▶ _Extracted information_:
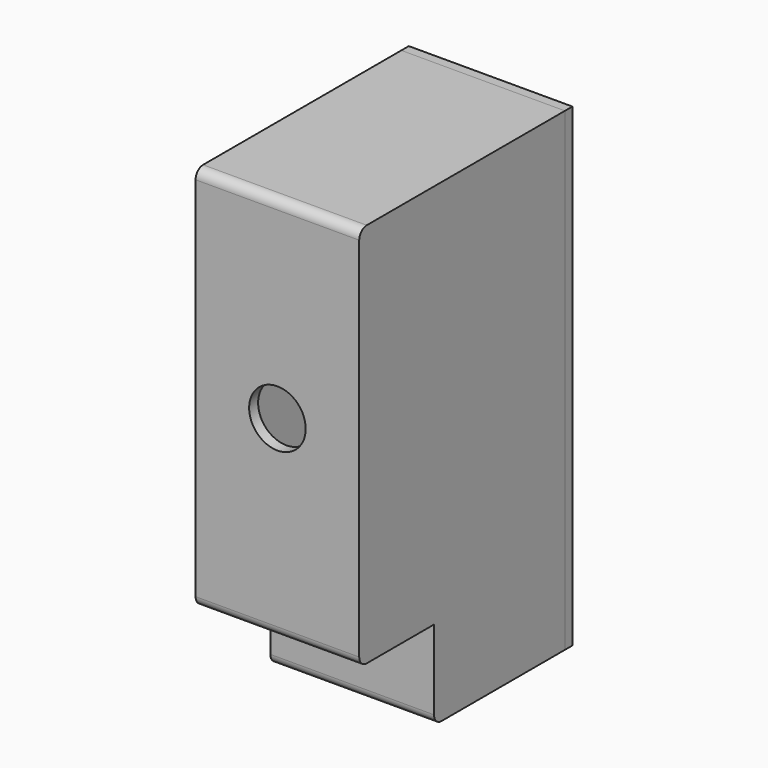
from build123d import *

# Parameters (mm, degrees)
F1_DEPTH  = 35
F2_R      = 2
F3_T      = -2.4
F4_R      = 6.05
F5_DEPTH  = 55.001
F6_W      = 29.5
F6_H      = 96
F7_DEPTH  = 1.5
F6_W_2    = 35
F6_H_2    = 101.5
F6_W_3    = 30.2
F6_H_3    = 96.7
F8_DEPTH  = 2
F9_R      = 1.75
F10_DEPTH = 51.1
F11_START = 17.6
F11_DEPTH = 33.5
F12_R     = 2.35
F13_DEPTH = 57.001
F14_R     = 2.15
F15_DEPTH = 57.001


with BuildPart() as f1:
    # F0 (on Right) → F1 (new body)
    with BuildSketch(Plane.YZ):
        Polygon((20, 19), (20, 0), (55, 0), (55, 101.5), (0, 101.5), (0, 19), align=None)
    extrude(amount=F1_DEPTH)

    # F2
    f2_edges = [f1.edges().sort_by_distance(p)[0] for p in [
        (17.5, 0, 101.5),
        (17.5, 0, 19),
        (17.5, 20, 0),
    ]]
    fillet(f2_edges, radius=F2_R)

    # F3
    f3_openings = [f1.faces().sort_by_distance(p)[0] for p in [
        (17.5, 55, 50.75),
    ]]
    offset(amount=F3_T, openings=f3_openings, kind=Kind.INTERSECTION)

    # F4 (on face) → F5 (cut, through all)
    with BuildSketch(Plane.XZ):
        with Locations((17.5, 60.25)):
            Circle(F4_R)
    extrude(amount=-F5_DEPTH, mode=Mode.SUBTRACT)

    # F9 (on face) → F10 (join, through all)
    with BuildSketch(Plane(origin=(0, 2.4, 0), x_dir=(-1, 0, 0), z_dir=(0, 1, 0))):
        with BuildLine():
            Line((-2.4, 99.1), (-10.4, 99.1))
            ThreePointArc((-10.4, 99.1), (-8.0568542495, 93.4431457505), (-2.4, 91.1))
            Line((-2.4, 91.1), (-2.4, 99.1))
        make_face()
        with Locations((-5.2284271247, 96.2715728753)):
            Circle(F9_R, mode=Mode.SUBTRACT)
        with BuildLine():
            Line((-24.6, 99.1), (-32.6, 99.1))
            Line((-32.6, 99.1), (-32.6, 91.1))
            ThreePointArc((-32.6, 91.1), (-26.9431457505, 93.4431457505), (-24.6, 99.1))
        make_face()
        with Locations((-29.7715728753, 96.2715728753)):
            Circle(F9_R, mode=Mode.SUBTRACT)
    extrude(amount=F10_DEPTH)

    # F9 (on face) → F11 (join)
    with BuildSketch(Plane(origin=(0, 2.4, 0), x_dir=(-1, 0, 0), z_dir=(0, 1, 0)).offset(F11_START)):
        with BuildLine():
            ThreePointArc((-24.6, 2.4), (-26.9431457505, 8.0568542495), (-32.6, 10.4))
            Line((-32.6, 10.4), (-32.6, 2.4))
            Line((-32.6, 2.4), (-24.6, 2.4))
        make_face()
        with Locations((-29.7715728753, 5.2284271247)):
            Circle(F9_R, mode=Mode.SUBTRACT)
        with BuildLine():
            Line((-2.4, 2.4), (-2.4, 10.4))
            ThreePointArc((-2.4, 10.4), (-8.0568542495, 8.0568542495), (-10.4, 2.4))
            Line((-10.4, 2.4), (-2.4, 2.4))
        make_face()
        with Locations((-5.2284271247, 5.2284271247)):
            Circle(F9_R, mode=Mode.SUBTRACT)
    extrude(amount=F11_DEPTH)


with BuildPart() as f7:
    # F6 (on face) → F7 (new body)
    with BuildSketch(Plane(origin=(0, 55, 0), x_dir=(-1, 0, 0), z_dir=(0, 1, 0))):
        with Locations((-17.5, 50.75)):
            Rectangle(F6_W, F6_H)
    extrude(amount=-F7_DEPTH)

    # F6 (on face) → F8 (join)
    with BuildSketch(Plane(origin=(0, 55, 0), x_dir=(-1, 0, 0), z_dir=(0, 1, 0))):
        with Locations((-17.5, 50.75)):
            Rectangle(F6_W_2, F6_H_2)
        with Locations((-17.5, 50.75)):
            Rectangle(F6_W_3, F6_H_3, mode=Mode.SUBTRACT)
        with Locations((-17.5, 50.75)):
            Rectangle(F6_W_3, F6_H_3)
        with Locations((-17.5, 50.75)):
            Rectangle(F6_W, F6_H, mode=Mode.SUBTRACT)
        with Locations((-17.5, 50.75)):
            Rectangle(F6_W, F6_H)
    extrude(amount=F8_DEPTH)

    # F12 (on face) → F13 (cut, through all)
    with BuildSketch(Plane(origin=(0, 57, 0), x_dir=(-1, 0, 0), z_dir=(0, 1, 0))):
        with Locations((-5.2284271247, 96.2715728753)):
            Circle(F12_R)
        with Locations((-29.7715728753, 96.2715728753)):
            Circle(F12_R)
        with Locations((-29.7715728753, 5.2284271247)):
            Circle(F12_R)
        with Locations((-5.2284271247, 5.2284271247)):
            Circle(F12_R)
    extrude(amount=-F13_DEPTH, mode=Mode.SUBTRACT)

    # F14 (on face) → F15 (cut, through all)
    with BuildSketch(Plane(origin=(0, 57, 0), x_dir=(-1, 0, 0), z_dir=(0, 1, 0))):
        with Locations((-25.5, 86.5)):
            Circle(F14_R)
        with Locations((-9.5, 86.5)):
            Circle(F14_R)
        with Locations((-25.5, 62.6666666667)):
            Circle(F14_R)
        with Locations((-9.5, 62.6666666667)):
            Circle(F14_R)
        with Locations((-25.5, 38.8333333333)):
            Circle(F14_R)
        with Locations((-9.5, 38.8333333333)):
            Circle(F14_R)
        with Locations((-25.5, 15)):
            Circle(F14_R)
        with Locations((-9.5, 15)):
            Circle(F14_R)
    extrude(amount=-F15_DEPTH, mode=Mode.SUBTRACT)


solid = Compound([f1.part, f7.part])
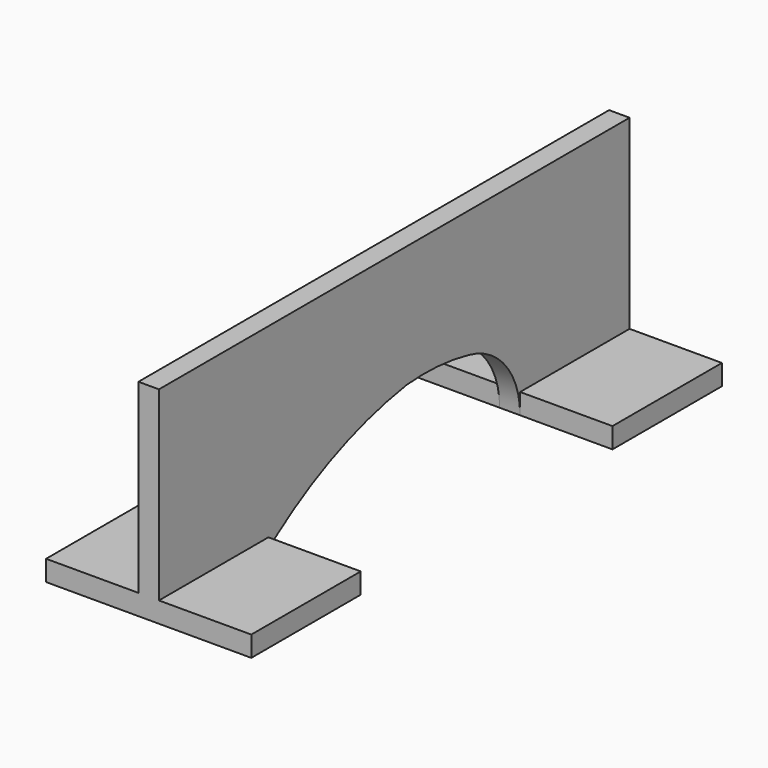
from build123d import *

# Parameters (mm, degrees)
F1_DEPTH = 3
F2_ANGLE = 90
F7_W     = 20
F7_H     = 3
F8_DEPTH = 15


# Not quite as in the source:
# - ends of sketch curves that miss each other by under 0.0002 mm in the source are joined


with BuildPart() as f1:
    # F0 (on Top) → F1 (new body)
    with BuildSketch(Plane.XY):
        with BuildLine():
            ThreePointArc((2.5843454528, -32.7194872419), (1.4841670751, -33.7858704597), (0, -34.1664144431))
            Line((0, -34.1664144431), (0, -54.1664144431))
            Line((0, -54.1664144431), (30.1699284464, -54.1664144431))
            Line((30.1699284464, -54.1664144431), (30.1699284464, 31.83347))
            Line((30.1699284464, 31.83347), (0, 31.83347))
            Line((0, 31.83347), (0, 11.83347))
            ThreePointArc((0, 11.83347), (7.4846118013, 9.165784114), (11.5946270955, 2.3655094074))
            ThreePointArc((11.5946270955, 2.3655094074), (12.4147060347, -3.2443514979), (12.338869311, -8.913329936))
            ThreePointArc((12.338869311, -8.913329936), (8.8720047217, -21.3943156457), (2.5843454528, -32.7194872419))
        make_face()
    extrude(amount=F1_DEPTH)


with BuildPart() as f1_1:
    # F2: moved
    add(f1.part.rotate(Axis((0, -44.1664144431, 3), (0, -1, 0)), F2_ANGLE))

    # F7 (on 3pt) → F8 (join, symmetric)
    with BuildSketch(Plane.YZ.offset(1.5)):
        with Locations((-44.1664144431, 4.5)):
            Rectangle(F7_W, F7_H)
        with Locations((21.83347, 4.5)):
            Rectangle(F7_W, F7_H)
    extrude(amount=F8_DEPTH, both=True)


solid = f1_1.part

▶ _Requirement_:
Pull out each line of the records holding the string "extrude".

▶ _Result for this task_:
    extrude(amount=F1_DEPTH)
    extrude(amount=-F5_DEPTH, mode=Mode.SUBTRACT)
    extrude(amount=F10_DEPTH)
    extrude(amount=F11_DEPTH)
    extrude(amount=-F7_DEPTH)
    extrude(amount=F8_DEPTH)
    extrude(amount=-F13_DEPTH, mode=Mode.SUBTRACT)
    extrude(amount=-F15_DEPTH, mode=Mode.SUBTRACT)
    extrude(amount=F1_DEPTH)
    extrude(amount=F8_DEPTH, both=True)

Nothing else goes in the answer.